╔══

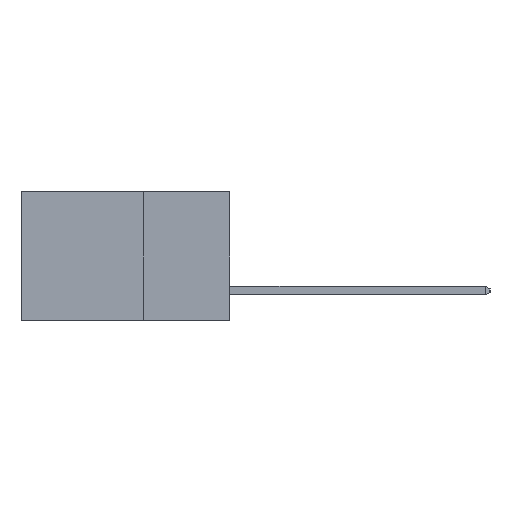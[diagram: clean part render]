
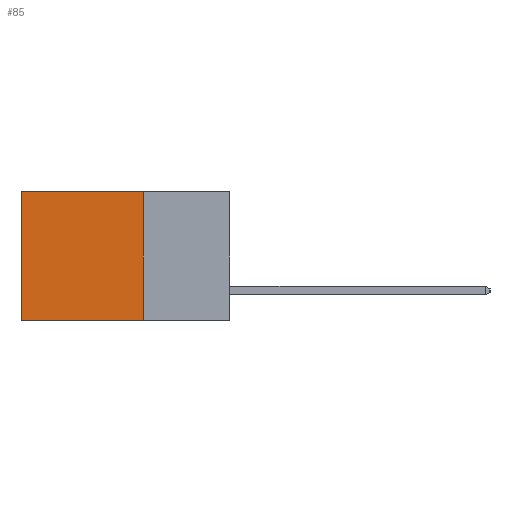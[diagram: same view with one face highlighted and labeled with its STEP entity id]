
A CAD part, left-side view. The second image highlights one B-rep face of the part: STEP entity #85.
In plain terms, the highlighted planar face has unit normal (-1, 0, 0).
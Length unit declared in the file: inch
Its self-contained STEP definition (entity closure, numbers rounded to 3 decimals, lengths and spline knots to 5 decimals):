
#85 = ADVANCED_FACE ( 'NONE', ( #3610 ), #1140, .F. ) ;
#584 = CARTESIAN_POINT ( 'NONE',  ( 0.2615, 0.25, -0.37 ) ) ;
#787 = LINE ( 'NONE', #3626, #7030 ) ;
#1023 = EDGE_CURVE ( 'NONE', #6206, #10946, #9186, .T. ) ;
#1138 = CARTESIAN_POINT ( 'NONE',  ( 0.2615, 0.25, -0.37 ) ) ;
#1140 = PLANE ( 'NONE',  #3842 ) ;
#1286 = LINE ( 'NONE', #584, #7897 ) ;
#1843 = DIRECTION ( 'NONE',  ( 0., 0., -1. ) ) ;
#2126 = CARTESIAN_POINT ( 'NONE',  ( 0.2615, 0.25, -0.37 ) ) ;
#2343 = ORIENTED_EDGE ( 'NONE', *, *, #12460, .F. ) ;
#3339 = ORIENTED_EDGE ( 'NONE', *, *, #8643, .F. ) ;
#3610 = FACE_OUTER_BOUND ( 'NONE', #10501, .T. ) ;
#3626 = CARTESIAN_POINT ( 'NONE',  ( 0.2615, 0.25, -0.37 ) ) ;
#3842 = AXIS2_PLACEMENT_3D ( 'NONE', #1138, #4419, #7182 ) ;
#3982 = CARTESIAN_POINT ( 'NONE',  ( 0.2615, 0.6, -0.37 ) ) ;
#4419 = DIRECTION ( 'NONE',  ( 1., 0., 0. ) ) ;
#4611 = CARTESIAN_POINT ( 'NONE',  ( 0.2615, 0.25, 0. ) ) ;
#4897 = DIRECTION ( 'NONE',  ( 0., 1., 0. ) ) ;
#5433 = ORIENTED_EDGE ( 'NONE', *, *, #1023, .T. ) ;
#6163 = VERTEX_POINT ( 'NONE', #15270 ) ;
#6206 = VERTEX_POINT ( 'NONE', #12983 ) ;
#7030 = VECTOR ( 'NONE', #4897, 39.37008 ) ;
#7182 = DIRECTION ( 'NONE',  ( 0., 0., -1. ) ) ;
#7897 = VECTOR ( 'NONE', #1843, 39.37008 ) ;
#8643 = EDGE_CURVE ( 'NONE', #6163, #10832, #1286, .T. ) ;
#9139 = LINE ( 'NONE', #4611, #15726 ) ;
#9186 = LINE ( 'NONE', #3982, #15773 ) ;
#10501 = EDGE_LOOP ( 'NONE', ( #5433, #2343, #3339, #11661 ) ) ;
#10832 = VERTEX_POINT ( 'NONE', #2126 ) ;
#10946 = VERTEX_POINT ( 'NONE', #13576 ) ;
#11661 = ORIENTED_EDGE ( 'NONE', *, *, #12964, .T. ) ;
#12460 = EDGE_CURVE ( 'NONE', #10832, #10946, #787, .T. ) ;
#12964 = EDGE_CURVE ( 'NONE', #6163, #6206, #9139, .T. ) ;
#12983 = CARTESIAN_POINT ( 'NONE',  ( 0.2615, 0.6, 0. ) ) ;
#13576 = CARTESIAN_POINT ( 'NONE',  ( 0.2615, 0.6, -0.37 ) ) ;
#14484 = DIRECTION ( 'NONE',  ( 0., 1., 0. ) ) ;
#15133 = DIRECTION ( 'NONE',  ( 0., 0., -1. ) ) ;
#15270 = CARTESIAN_POINT ( 'NONE',  ( 0.2615, 0.25, 0. ) ) ;
#15726 = VECTOR ( 'NONE', #14484, 39.37008 ) ;
#15773 = VECTOR ( 'NONE', #15133, 39.37008 ) ;

╚══

- YOUR INSTRUCTIONS: Everything from the line containing "#14484 = DIRECTION" through the final line of the records is what you should print, exactly and with nothing added.

- EXERCISE RESPONSE:
#14484 = DIRECTION ( 'NONE',  ( 0., 1., 0. ) ) ;
#15133 = DIRECTION ( 'NONE',  ( 0., 0., -1. ) ) ;
#15270 = CARTESIAN_POINT ( 'NONE',  ( 0.2615, 0.25, 0. ) ) ;
#15726 = VECTOR ( 'NONE', #14484, 39.37008 ) ;
#15773 = VECTOR ( 'NONE', #15133, 39.37008 ) ;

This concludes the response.